Работы в связи с войной стало мало. Нам пришлось в поисках ее поехать в Уфтюгу. Ехали по первому заморозку, на телеге по замерзшей грязи, отчаянно трясло. Сам я, конечно, шел пешком, но в телеге сидела жена с детьми, и я боялся, что дети от такой езды разревутся, но они за всю дорогу ни разу не поплакали. Нюше тогда было только два месяца.
В Уфтюге отдельной избы для семьи не нашел, пришлось поселить их вместе с хозяевами, а портняжить я пошел по домам один. Таким образом удавалось зарабатывать только на самое необходимое для существования.

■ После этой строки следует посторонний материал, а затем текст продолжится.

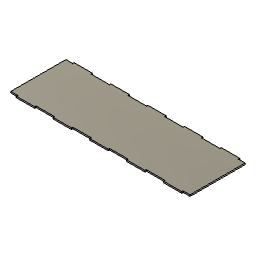
Banda version 2 v3 (Autodesk Fusion 360 archive; units mm, degrees)
design "Parte Superior"
Autodesk Fusion 360 part; units mm, degrees
sketch "Boceto1" plane through (0, 0, 0) normal (0, 0, 1) x (1, 0, 0)
  line L0 (-195, 0) -> (-195, -60)
  line L1 (-100, -60) -> (-100, -63)
  line L2 (-100, -63) -> (-60, -63)
  line L3 (-60, -63) -> (-60, -60)
  line L4 (-60, -60) -> (-20, -60)
  line L5 (-20, -60) -> (-20, -63)
  line L6 (-20, -63) -> (0, -63)
  line L7 (0, 0) -> (-195, 0) construction
  line L8 (-100, 60) -> (-100, 63)
  line L9 (-100, 63) -> (-60, 63)
  line L10 (-20, 60) -> (-20, 63)
  line L11 (-60, 60) -> (-20, 60)
  line L12 (-60, 63) -> (-60, 60)
  line L13 (-20, 63) -> (0, 63)
  line L14 (-195, 0) -> (-195, 60)
  line L15 (0, -63) -> (0, 63) construction
  line L16 (0, -63) -> (0, 63) construction
  line L17 (-100, -60) -> (-140, -60)
  line L18 (-140, -60) -> (-140, -63)
  line L19 (-140, -63) -> (-180, -63)
  line L20 (-180, -63) -> (-180, -60)
  line L21 (-180, -60) -> (-195, -60)
  line L22 (-100, 60) -> (-140, 60)
  line L23 (-140, 60) -> (-140, 63)
  line L24 (-140, 63) -> (-180, 63)
  line L25 (-180, 63) -> (-180, 60)
  line L26 (-180, 60) -> (-195, 60)
  line L27 (60, -60) -> (20, -60)
  line L28 (100, 63) -> (60, 63)
  line L29 (60, 60) -> (20, 60)
  line L30 (0, 0) -> (195, 0) construction
  line L31 (20, 60) -> (20, 63)
  line L32 (20, 63) -> (0, 63)
  line L33 (140, -63) -> (180, -63)
  line L34 (180, -63) -> (180, -60)
  line L35 (180, -60) -> (195, -60)
  line L36 (195, 0) -> (195, -60)
  line L37 (195, 0) -> (195, 60)
  line L38 (180, 60) -> (195, 60)
  line L39 (180, 63) -> (180, 60)
  line L40 (140, 63) -> (180, 63)
  line L41 (100, -60) -> (140, -60)
  line L42 (100, -63) -> (60, -63)
  line L43 (20, -63) -> (0, -63)
  line L44 (100, 60) -> (140, 60)
  line L45 (140, 60) -> (140, 63)
  line L46 (100, -60) -> (100, -63)
  line L47 (140, -60) -> (140, -63)
  line L48 (20, -63) -> (20, -60)
  line L49 (60, -63) -> (60, -60)
  line L50 (100, 63) -> (100, 60)
  line L51 (60, 63) -> (60, 60)
  point P0 (0, 63)
  dimension "d2" = 195
  dimension "d4" = 20
  dimension "d6" = 40
  dimension "d7" = 3
  dimension "d8" = 3
  dimension "d9" = 3
  dimension "d10" = 60
  dimension "d13" = 40
  dimension "d14" = 40
  dimension "d15" = 3
  dimension "d16" = 40
  dimension "d17" = 3
  dimension "d18" = 40
  dimension "d19" = 3
  dimension "d20" = 40
  dimension "d21" = 3
  constraint vertical L0
  constraint perpendicular L1 L2
  constraint perpendicular L2 L3
  constraint perpendicular L3 L4
  constraint perpendicular L4 L5
  constraint perpendicular L5 L6
  constraint coincident L7.start L30.start
  constraint perpendicular L0 L7
  constraint symmetric L0.start L7 L14.start
  constraint symmetric L0.end L7 L14.end
  constraint symmetric L1.start L7 L8.start
  constraint symmetric L1.end L7 L8.end
  constraint symmetric L2.end L7 L9.end
  constraint symmetric L3.end L7 L11.start
  constraint symmetric L4.end L7 L10.start
  constraint symmetric L5.end L7 L10.end
  constraint symmetric P0 L15 L13.end
  constraint perpendicular L1 L17
  constraint perpendicular L17 L18
  constraint perpendicular L18 L19
  constraint perpendicular L19 L20
  constraint perpendicular L0 L21
  constraint perpendicular L8 L22
  constraint perpendicular L22 L23
  constraint perpendicular L23 L24
  constraint perpendicular L24 L25
  constraint symmetric L0.start L15 L30.end
  constraint symmetric L0.end L15 L35.end
  constraint symmetric L1.start L15 L41.start
  constraint symmetric L1.end L15 L42.start
  constraint symmetric L2.end L15 L42.end
  constraint symmetric L3.end L15 L27.start
  constraint symmetric L4.end L15 L27.end
  constraint symmetric L5.end L15 L43.start
  constraint symmetric L6.end L15 L16.start
  constraint symmetric L7.start L15 L30.start
  constraint symmetric L8.start L15 L44.start
  constraint symmetric L11.start L15 L29.start
  constraint symmetric L9.end L15 L28.end
  constraint symmetric L8.end L15 L28.start
  constraint symmetric L10.start L15 L29.end
  constraint symmetric L14.end L15 L37.end
  constraint symmetric L10.end L15 L31.end
  constraint symmetric L15 P0 L13.end
  constraint symmetric L15 L17.end L41.end
  constraint symmetric L15 L18.end L33.start
  constraint symmetric L15 L19.end L33.end
  constraint symmetric L15 L20.end L34.end
  constraint symmetric L15 L22.end L44.end
  constraint symmetric L15 L23.end L40.start
  constraint symmetric L15 L24.end L39.start
  constraint symmetric L15 L25.end L38.start
  measures "d2" distance of L0.start L7.start
  measures "d4" distance of L5.end L6.end
  measures "d6" distance of L1.end L2.end
  measures "d7" distance of L1.start L1.end
  measures "d8" distance of L2.end L3.end
  measures "d9" distance of L4.end L5.end
  measures "d10" distance of L0.start L0.end
  measures "d13" distance of L3.end L4.end
  measures "d14" distance of L1.start L17.end
  measures "d15" distance of L17.end L18.end
  measures "d16" distance of L18.end L19.end
  measures "d17" distance of L19.end L20.end
  measures "d18" distance of L8.start L22.end
  measures "d19" distance of L22.end L23.end
  measures "d20" distance of L23.end L24.end
  measures "d21" distance of L24.end L25.end
extrude "Extruir2" add sketch "Boceto1" along normal blind 3

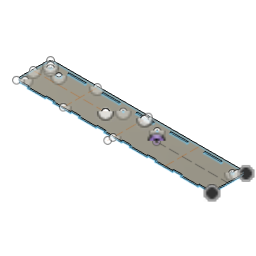
design "Lateral son motor"
Autodesk Fusion 360 part; units mm, degrees
sketch "Boceto1" plane through (0, 0, 0) normal (0, 0, 1) x (1, 0, 0)
  line L0 (-60.0005, 40.4137) -> (-60.0005, -55) construction
  line L1 (169.9995, -29.5863) -> (169.9995, 30.4137)
  line L2 (159.9995, 40.4137) -> (-60.0005, 40.4137)
  line L3 (0, 0) -> (169.9995, 0) construction
  line L4 (-0.0005, 34.4137) -> (39.9995, 34.4137)
  line L5 (39.9995, 34.4137) -> (39.9995, 31.4137)
  line L6 (39.9995, 31.4137) -> (-0.0005, 31.4137)
  line L7 (-0.0005, 31.4137) -> (-0.0005, 34.4137)
  line L8 (-60.0005, 34.4137) -> (-40.0005, 34.4137)
  line L9 (-40.0005, 34.4137) -> (-40.0005, 31.4137)
  line L10 (-40.0005, 31.4137) -> (-60.0005, 31.4137)
  circle A0 centre (-20.0005, 21.4137) radius 1
  circle A1 centre (153.9995, 24.4137) radius 2.5
  arc A2 (169.9995, 30.4137) -> (159.9995, 40.4137) centre (159.9995, 30.4137) ccw
  line L11 (79.9995, -39.5863) -> (79.9995, -42.5863)
  line L12 (79.9995, -42.5863) -> (39.9995, -42.5863)
  line L13 (39.9995, -42.5863) -> (39.9995, -39.5863)
  line L14 (39.9995, -39.5863) -> (19.9995, -39.5863)
  line L15 (19.9995, -39.5863) -> (19.9995, -42.5863)
  line L16 (19.9995, -42.5863) -> (-20.0005, -42.5863)
  line L17 (-20.0005, -42.5863) -> (-20.0005, -39.5863)
  line L18 (-20.0005, -39.5863) -> (-40.0005, -39.5863)
  line L19 (-40.0005, -39.5863) -> (-40.0005, -42.5863)
  line L20 (-40.0005, -42.5863) -> (-60.0005, -42.5863)
  line L21 (79.9995, -39.5863) -> (99.9995, -39.5863)
  line L22 (99.9995, -39.5863) -> (99.9995, -42.5863)
  line L23 (99.9995, -42.5863) -> (139.9995, -42.5863)
  line L24 (139.9995, -42.5863) -> (139.9995, -39.5863)
  line L25 (139.9995, -39.5863) -> (159.9995, -39.5863)
  arc A3 (159.9995, -39.5863) -> (169.9995, -29.5863) centre (159.9995, -29.5863) ccw
  line L26 (59.9995, 40.4137) -> (59.9995, -39.5863) construction
  line L27 (79.9995, 31.4137) -> (119.9995, 31.4137)
  line L28 (119.9995, 31.4137) -> (119.9995, 34.4137)
  line L29 (79.9995, 34.4137) -> (79.9995, 31.4137)
  line L30 (119.9995, 34.4137) -> (79.9995, 34.4137)
  line L31 (-80.0005, -39.5863) -> (-80.0005, -42.5863)
  line L32 (-120.0005, 34.4137) -> (-160.0005, 34.4137)
  line L33 (-120.0011, 0) -> (-290.0005, 0) construction
  line L34 (-60.0005, 34.4137) -> (-80.0005, 34.4137)
  line L35 (-80.0005, -42.5863) -> (-60.0005, -42.5863)
  line L36 (-290.0005, -29.5863) -> (-290.0005, 30.4137)
  line L37 (-240.0005, 34.4137) -> (-200.0005, 34.4137)
  line L38 (-200.0005, 31.4137) -> (-240.0005, 31.4137)
  line L39 (-140.0005, -42.5863) -> (-100.0005, -42.5863)
  line L40 (-160.0005, 31.4137) -> (-120.0005, 31.4137)
  line L41 (-180.0005, 40.4137) -> (-180.0005, -39.5863) construction
  line L42 (-120.0005, 31.4137) -> (-120.0005, 34.4137)
  line L43 (-80.0005, 34.4137) -> (-80.0005, 31.4137)
  line L44 (-200.0005, 34.4137) -> (-200.0005, 31.4137)
  line L45 (-160.0005, 34.4137) -> (-160.0005, 31.4137)
  arc A4 (-280.0005, 40.4137) -> (-290.0005, 30.4137) centre (-280.0005, 30.4137) ccw
  circle A5 centre (-274.0005, 24.4137) radius 2.5
  line L46 (-240.0005, 31.4137) -> (-240.0005, 34.4137)
  line L47 (-140.0005, -39.5863) -> (-140.0005, -42.5863)
  line L48 (-160.0005, -39.5863) -> (-140.0005, -39.5863)
  line L49 (-160.0005, -42.5863) -> (-160.0005, -39.5863)
  line L50 (-100.0005, -42.5863) -> (-100.0005, -39.5863)
  line L51 (-200.0005, -42.5863) -> (-160.0005, -42.5863)
  line L52 (-220.0005, -39.5863) -> (-220.0005, -42.5863)
  line L53 (-200.0005, -39.5863) -> (-220.0005, -39.5863)
  line L54 (-280.0005, 40.4137) -> (-60.0005, 40.4137)
  line L55 (-200.0005, -39.5863) -> (-200.0005, -42.5863)
  line L56 (-100.0005, -39.5863) -> (-80.0005, -39.5863)
  line L57 (-260.0005, -39.5863) -> (-280.0005, -39.5863)
  line L58 (-260.0005, -42.5863) -> (-260.0005, -39.5863)
  arc A6 (-290.0005, -29.5863) -> (-280.0005, -39.5863) centre (-280.0005, -29.5863) ccw
  line L59 (-220.0005, -42.5863) -> (-260.0005, -42.5863)
  line L60 (-80.0005, 31.4137) -> (-60.0005, 31.4137)
  circle A7 centre (-100.0005, 21.4137) radius 1
  circle A8 centre (-247.8005, 17.7137) radius 5
  point P0 (169.9995, -39.5863)
  point P1 (169.9995, 40.4137)
  point P2 (-120.0011, 0)
  point P3 (-290.0005, 40.4137)
  point P4 (-290.0005, -39.5863)
  point P5 (-120.0011, 0)
  dimension "d4" = 80
  dimension "d16" = 40
  dimension "d18" = 6
  dimension "d26" = 3
  dimension "d30" = 6
  dimension "d36" = 2
  dimension "d37" = 19
  dimension "d39" = 5
  dimension "d41" = 16
  dimension "d46" = 10
  dimension "d57" = 3
  dimension "d58" = 40
  dimension "d59" = 3
  dimension "d60" = 20
  dimension "d61" = 3
  dimension "d62" = 40
  dimension "d63" = 3
  dimension "d64" = 20
  dimension "d65" = 3
  dimension "d66" = 230
  dimension "d69" = 20
  dimension "d70" = 20
  dimension "d71" = 3
  dimension "d72" = 40
  dimension "d73" = 3
  dimension "d74" = 10
  dimension "d75" = 20
  dimension "d76" = 3
  dimension "d77" = 20
  dimension "d78" = 20
  dimension "d79" = 40
  dimension "d80" = 20
  dimension "d81" = 16
  dimension "d82" = 10
  dimension "d83" = 42.2
  dimension "d84" = 22.7
  constraint vertical L0
  constraint perpendicular L0 L2
  constraint coincident L3.start origin
  constraint horizontal L3
  constraint horizontal L4
  constraint vertical L5
  constraint horizontal L6
  constraint vertical L7
  constraint horizontal L8
  constraint vertical L9
  constraint horizontal L10
  constraint coincident L0 L8.start
  constraint symmetric L3.start L0 P5
  constraint coincident L1 L3.end
  constraint coincident P1 L2
  constraint coincident P1 L1
  constraint tangent L2 A2
  constraint tangent L1 A2
  constraint coincident P0 L1
  constraint perpendicular L11 L12
  constraint perpendicular L12 L13
  constraint perpendicular L13 L14
  constraint perpendicular L14 L15
  constraint perpendicular L15 L16
  constraint perpendicular L16 L17
  constraint perpendicular L17 L18
  constraint perpendicular L18 L19
  constraint coincident L0 L20.end
  constraint perpendicular L0 L20
  constraint perpendicular L11 L21
  constraint perpendicular L21 L22
  constraint perpendicular L22 L23
  constraint perpendicular L23 L24
  constraint perpendicular L24 L25
  constraint tangent L25 A3
  constraint tangent L1 A3
  constraint coincident L2 L26.start
  constraint coincident L21 L26.end
  constraint perpendicular L21 L26
  constraint symmetric L4.start L26 L28.end
  constraint symmetric L4.end L26 L29.start
  constraint symmetric L5.end L26 L27.start
  constraint symmetric L6.end L26 L27.end
  constraint symmetric L2.end L0 L54.end
  constraint symmetric L0 P0 P4
  constraint symmetric L0 P1 P3
  constraint symmetric L0 L3.start P2
  constraint symmetric L0 L3.end L33.end
  constraint symmetric L0 L11.start L53.start
  constraint symmetric L0 L4.start L32.start
  constraint symmetric L0 L4.end L32.end
  constraint symmetric L0 L5.end L40.start
  constraint symmetric L0 L6.end L40.end
  constraint symmetric L0 L8.start L34.start
  constraint symmetric L0 L8.end L34.end
  constraint symmetric L0 L9.end L43.end
  constraint symmetric L0 L10.end L60.end
  constraint symmetric L0 A0 A7
  constraint symmetric L0 A1 A5
  constraint symmetric L0 L2.start A4.start
  constraint symmetric L0 L1.end L36.end
  constraint symmetric L0 A2 A4
  constraint symmetric L0 L11.end L51.start
  constraint symmetric L0 L12.end L49.start
  constraint symmetric L0 L13.end L48.start
  constraint symmetric L0 L14.end L47.start
  constraint symmetric L0 L15.end L39.start
  constraint symmetric L0 L16.end L39.end
  constraint symmetric L0 L17.end L50.end
  constraint symmetric L0 L18.end L31.start
  constraint symmetric L0 L19.end L31.end
  constraint symmetric L0 L20.end L35.end
  constraint symmetric L0 L21.end L52.start
  constraint symmetric L0 L22.end L52.end
  constraint symmetric L0 L23.end L58.start
  constraint symmetric L0 L24.end L57.start
  constraint symmetric L0 L25.end L57.end
  constraint symmetric L0 L1.start L36.start
  constraint symmetric L0 A3 A6
  constraint symmetric L0 L26.start L41.start
  constraint symmetric L0 L26.end L41.end
  constraint symmetric L0 L29.start L37.end
  constraint symmetric L0 L27.end L38.end
  constraint symmetric L0 L27.start L38.start
  constraint symmetric L0 L28.end L37.start
  measures "d4" distance of P0 P1
  measures "d16" distance of L4.start L4.end
  measures "d18" distance of L2 L4
  measures "d26" distance of L4.end L5.end
  measures "d30" distance of L2 L8
  measures "d36" diameter of A0
  measures "d37" distance of L2 A0.centre
  measures "d39" diameter of A1
  measures "d41" distance of L2 A1.centre
  measures "d46" radius of A2
  measures "d57" distance of L11.start L11.end
  measures "d58" distance of L11.end L12.end
  measures "d59" distance of L12.end L13.end
  measures "d60" distance of L13.end L14.end
  measures "d61" distance of L14.end L15.end
  measures "d62" distance of L15.end L16.end
  measures "d63" distance of L16.end L17.end
  measures "d64" distance of L17.end L18.end
  measures "d65" distance of L18.end L19.end
  measures "d66" distance of L0 L1
  measures "d69" distance of L19.end L20.end
  measures "d70" distance of L11.start L21.end
  measures "d71" distance of L21.end L22.end
  measures "d72" distance of L22.end L23.end
  measures "d73" distance of L23.end L24.end
  measures "d74" radius of A3
  measures "d75" distance of L8.start L8.end
  measures "d76" distance of L8.end L9.end
  measures "d77" distance of L9.end L10.end
  measures "d78" distance of L9 A0.centre
  measures "d79" distance of L7 L9
  measures "d80" distance of L5 L26
  measures "d81" distance of L1 A1.centre
  measures "d82" diameter of A8
  measures "d83" distance of L36 A8.centre
  measures "d84" distance of L54 A8.centre
extrude "Extruir7" add sketch "Boceto1" along normal blind 3

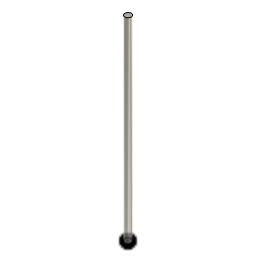
design "Barilla"
Autodesk Fusion 360 part; units mm, degrees
sketch "Boceto1" plane through (0, 0, 0) normal (0, 0, 1) x (1, 0, 0)
  circle A0 centre (0, 0) radius 2.5
  dimension "d1" = 5
  constraint coincident A0.centre origin
  measures "d1" diameter of A0
extrude "Extruir3" add sketch "Boceto1" along normal blind 150

Уфтюжане жили грязно, несмотря на то, что обеспечены материально они были лучше нашей Нюксенской волости — земли были удобнее, поэтому многие имели запасы хлеба год за год, а прикупали его очень немногие.
Когда впервые войдешь в их избу, страшная вонь вызывает тошноту, но, посидев полдня, поосвоишься и ничего, переносишь. Полы они мыли не тряпками, а скребли железной лопаткой, да и то раза два в год, поэтому на полу всегда лежал слой грязи с ноздреватой поверхностью. На полипах[257]
толсто пыли, если бросишь туда что-нибудь, то пыль поднимается столбом по всей избе.Почти в каждом доме была чесотка. Меряя своих заказчиков, я старался к ним не прикасаться. Грязный вид стряпухи, особенно ее грязные руки вызывали отвращение к пище, но делать нечего, приходилось, набравшись мужества, какой-то минимум ее проглатывать. Жене с детьми тоже жилось несладко, к тому же в одной избе с хозяевами.
Неудивительно, что сравнительно обеспеченная жизнь в Архангельске была для нас хорошим воспоминанием. Там, кажется, не случалось со мной и приступов «бешенства», какие случались после.
Как ни тяжело вспоминать это, а тем более излагать на бумаге, но для полноты картины нашей мытарственной жизни необходимо сказать и об этом. Я, мечтавший когда-то о тихой, мирной, полной любви семейной жизни и негодовавший на своего отца, бившего мать, приходил временами в такое исступление, что колотил не только жену, но и своего столь любимого маленького сыночка. После совершения такой бессмысленной жестокости я готов был рвать на себе волосы и завыть от отчаяния.
Мне хотелось, чтобы жена, когда я приходил в исступление, дала бы мне смелый, решительный отпор, например, вооружившись хотя бы ножом, заявила бы, что она не позволит себя бить. Мне кажется, что тогда я проникся бы к ней уважением, которое удержало бы меня от рукоприкладства. Но у нее было единственное средство защиты — слезы, а они меня приводили в еще большее исступление.
Побив ее, я пытался оправдать себя тем, что, мол, она сама доводит меня до этого своим дурным характером. Но что я мог найти в свое оправдание, когда истязал ребенка!
Я часто задумывался, в чем причина того, что я одновременно и люблю, и истязаю? Не в том ли, что я вырос и жил под зверским гнетом отца и поэтому, может быть, стал просто ненормальным? Не знаю, ответа я не нашел и до сих пор. Может быть, мне следовало тогда полечиться в психиатрической больнице.